Artificial Intelligence has made it possible to automatically discover data sources, properties, and linkages. Machine learning algorithms save time and effort by analyzing recent data to find connections and trends. Furthermore, AI streamlines the process of mapping schemas since computers employ semantic analysis and pattern recognition to find commonalities between dissimilar schemas.
Even while companies are becoming specialists in producing large amounts of data, they still have problems with data quality. IBM estimates that the annual cost of inadequate data quality in the US is $3.1 trillion, demonstrating how little progress is achieved despite the advancement of data management tools. AI, though, may turn out to be unique.
AI systems can quickly identify and fix mistakes, inconsistencies, and abnormalities in datasets. The ability of AI systems to manage missing data is one of its unique features. Without sacrificing precision, AI algorithms can identify missing values in the data and replace them with approximations.
Data analysis, the final stage of any data management process, is where AI may potentially make the biggest impact. Following GPT’s release, NLP integrations in data analytics have become more commonplace. Textual information from documents, social media, and consumer reviews is analyzed using NLP algorithms. Using clustering techniques, AI is also able to combine related data.
In data analysis, two essential methods are regression analysis and decision trees. Even with datasets with several dimensions, sophisticated decision trees can be effortlessly generated by AI-driven machine learning algorithms.

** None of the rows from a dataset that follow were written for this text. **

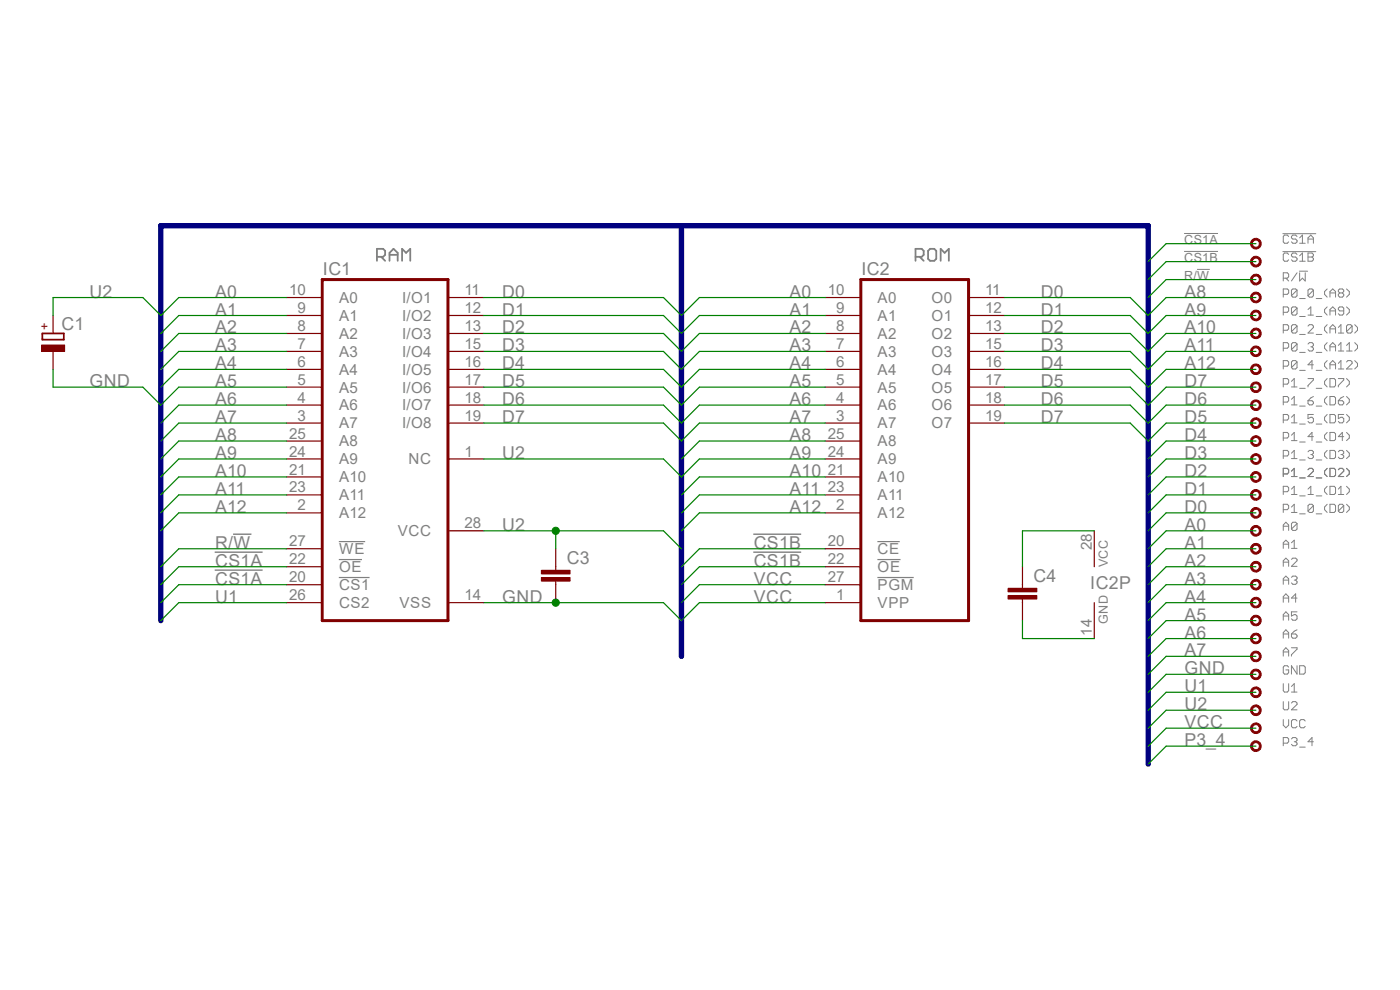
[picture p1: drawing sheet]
<svg xmlns="http://www.w3.org/2000/svg" width="297mm" height="210mm" viewBox="0 0 297 210" stroke-linecap="round" stroke-linejoin="round" font-family="sans-serif">
<g fill="none" stroke="#808080" stroke-width=".21">
<path d="M251.2 53.3h7.2M251.2 49.5h7.2M254 57.1h2.7M272.2 53.4h6.9M272.2 49.6h6.9M272.2 59h.9l.3-.3v-.5l-.3-.3h-.9v1.7M272.8 59l.6 .6M273.4 54l-.3-.3h-.6l-.3 .3v1.1l.3 .3h.6l.3-.3M273.4 50.2l-.3-.3h-.6l-.3 .3v1.1l.3 .3h.6l.3-.3M275.2 54l-.3-.3h-.6l-.3 .3v.3l.3 .2h.6l.3 .3v.3l-.3 .3h-.6l-.3-.3M275.2 50.2l-.3-.3h-.6l-.3 .3v.3l.3 .2h.6l.3 .3v.3l-.3 .3h-.6l-.3-.3M275.2 57.9l-1.2 1.7"/>
<path d="M275.7 57.5h1.7M275.7 55.4h1.2M275.7 54.3l.6-.6v1.7M275.7 50.5l.6-.6v1.7M275.7 51.6h1.2M275.7 57.9v1.7l.6-.6 .6 .6v-1.7M277.5 53.7h.8l.3 .3v.3l-.3 .2 .3 .3v.3l-.3 .3h-.8zM277.5 51.6v-1.1l.6-.6 .5 .6v1.1M277.5 54.5h.8M277.5 50.7h1.1M272.2 62.4h.9l.3-.3v-.5l-.3-.3h-.9v1.7M272.2 66.3h.9l.3-.3v-.6l-.3-.3h-.9v1.7"/>
<path d="M272.2 70.1h.9l.3-.3v-.6l-.3-.3h-.9v1.8M272.2 73.9h.9l.3-.3v-.6l-.3-.3h-.9v1.8M272.2 77.7h.9l.3-.3v-.6l-.3-.3h-.9v1.8M275.2 61.6l-.3-.3h-.6l-.3 .3v1.1M275.2 65.4l-.3-.3h-.6l-.3 .3v1.1M275.2 69.2l-.3-.3h-.6l-.3 .3v1.2M275.2 73l-.3-.3h-.6l-.3 .3v1.2M275.2 76.8l-.3-.3h-.6l-.3 .3v1.2M275.2 61.6v1.1l-.3 .3h-.6l-.3-.3M275.2 65.4v1.1l-.3 .3h-.6l-.3-.3M275.2 69.2v1.2l-.3 .3h-.6l-.3-.3M275.2 73v1.2l-.3 .3h-.6l-.3-.3"/>
<path d="M275.2 76.8v1.2l-.3 .3h-.6l-.3-.3M275.2 76.8l-1.2 1.2M275.2 73l-1.2 1.2M275.2 69.2l-1.2 1.2M275.2 65.4l-1.2 1.1M275.2 61.6l-1.2 1.1M275.7 78.6h1.2M275.7 74.8h1.2M275.7 71h1.2M275.7 67.1h1.2M275.7 63.3h1.2M277.5 69.2l.3-.3h.5l.3 .3v.3l-1.1 1.2h1.1"/>
<path d="M277.5 73l.3-.3h.5l.3 .3v.3l-.3 .3M277.5 65.7l.6-.6v1.7M277.5 66.8h1.1M278.1 73.6h.2M278.3 73.6l.3 .3v.3l-.3 .3h-.5l-.3-.3M278.6 61.6l-.3-.3h-.5l-.3 .3v1.1M278.6 61.6v1.1l-.3 .3h-.5l-.3-.3M278.6 77.4h-1.1l.8-.9v1.8M278.6 61.6l-1.1 1.1M279.2 78.6h1.2M279.2 74.8h1.2M279.2 71h1.2"/>
<path d="M279.2 67.1h1.2M279.2 63.3h1.2M281.6 61.3l-.6 .5v.6l.6 .6M281.6 65.1l-.6 .6v.6l.6 .5M281.6 68.9l-.6 .6v.6l.6 .6M281.6 72.7l-.6 .6v.6l.6 .6M281.6 76.5l-.6 .6v.6l.6 .6M282.2 63v-1.2l.5-.5 .6 .5v1.2M282.2 66.8v-1.1l.5-.6 .6 .6v1.1M282.2 70.7v-1.2l.5-.6 .6 .6v1.2M282.2 74.5v-1.2l.5-.6 .6 .6v1.2M282.2 78.3v-1.2l.5-.6 .6 .6v1.2"/>
<path d="M282.2 77.4h1.1M282.2 73.6h1.1M282.2 69.8h1.1M282.2 66h1.1M282.2 62.1h1.1M283.9 69.5l.6-.6v1.8M283.9 73.3l.6-.6v1.8M283.9 77.1l.6-.6v1.8M283.9 78.3h1.2M283.9 74.5h1.2M283.9 70.7h1.2M284.2 62.1l-.3-.3v-.2l.3-.3h.6l.3 .3v.2l-.3 .3"/>
<path d="M284.2 62.1l-.3 .3v.3l.3 .3h.6l.3-.3v-.3l-.3-.3M284.2 62.1h.6M285.1 66h-.9l-.3-.3v-.3l.3-.3h.6l.3 .3v1.1l-.3 .3h-.6l-.3-.3M285.7 61.3l.6 .5v.6l-.6 .6M285.7 65.1l.6 .6v.6l-.6 .5M285.7 73.3l.6-.6v1.8M285.7 76.8l.3-.3h.6l.3 .3v.3l-1.2 1.2h1.2M285.7 74.5h1.2M286.9 69.2v1.2l-.3 .3h-.6l-.3-.3M286.9 69.2l-.3-.3h-.6l-.3 .3v1.2M286.9 69.2l-1.2 1.2M287.4 76.5l.6 .6v.6l-.6 .6"/>
<path d="M287.4 68.9l.6 .6v.6l-.6 .6M287.4 72.7l.6 .6v.6l-.6 .6M272.2 81.5h.9l.3-.3v-.6l-.3-.3h-.9v1.8M272.2 85.3h.9l.3-.3v-.6l-.3-.3h-.9v1.8M272.2 89.1h.9l.3-.3v-.6l-.3-.3h-.9v1.8M272.2 92.9h.9l.3-.3v-.6l-.3-.3h-.9v1.8M272.2 96.7h.9l.3-.3v-.6l-.3-.3h-.9v1.8M274 80.9l.6-.6v1.8M274 84.7l.6-.6v1.8M274 88.5l.6-.6v1.8M274 92.3l.6-.6v1.8M274 96.1l.6-.6v1.8"/>
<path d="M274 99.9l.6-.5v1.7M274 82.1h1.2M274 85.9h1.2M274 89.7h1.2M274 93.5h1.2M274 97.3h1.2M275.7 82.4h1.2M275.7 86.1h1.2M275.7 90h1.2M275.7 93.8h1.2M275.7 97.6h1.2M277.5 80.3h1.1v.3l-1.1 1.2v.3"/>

Some challenges while adopting AI in data management
For any new platform to perform to its fullest the ideal requirements must be met. Before organizations can successfully become data-driven, they must overcome a few major adoption and implementation difficulties.
- Vintage architecture
Organizations frequently struggle with the silos that make up their infrastructure. They often aren’t integrated, which prevents them from cooperating well. The data contained in these silos becomes challenging to access. As a result, fewer individuals have access to the data than would be the case if a company invested in more recent technology. Making the switch to the cloud is a crucial step toward improved infrastructure.
- Shortage of talent
Numerous publications demonstrate the persistent lack of skilled personnel in the data science domain. As data engineering processes become more automated, there’s a growing demand for broad skills in data science, machine learning, and artificial intelligence. The younger generation of professionals has to stay up to date with the wide range of abilities needed for data science.
- Changing the mindset
The management team should focus on reorienting the organization’s mentality to embrace new data, analytics, and automation processes. Employees must be comforted that their jobs are not in danger since AI systems free up skilled workers to perform difficult tasks that have the potential to ignite market disruptors. Of course, upgrading skill sets and specific knowledge are necessary. A shift in perspective needs to start with the C-suite and trickle down to every person in a company.
In conclusion, businesses face both opportunities and challenges as a result of AI’s impact on enterprise data management. Artificial intelligence (AI) can improve data quality, automate analysis, and expedite data processing, enabling effective data-driven decision-making.
However, integrating AI into data management also necessitates a considerable investment in personnel and technology, as well as adjustments to current workflows and business processes.
For enterprises to fully reap the benefits of artificial intelligence (AI) in enterprise data management, these issues must be carefully considered, and comprehensive plans for successful deployment must be developed.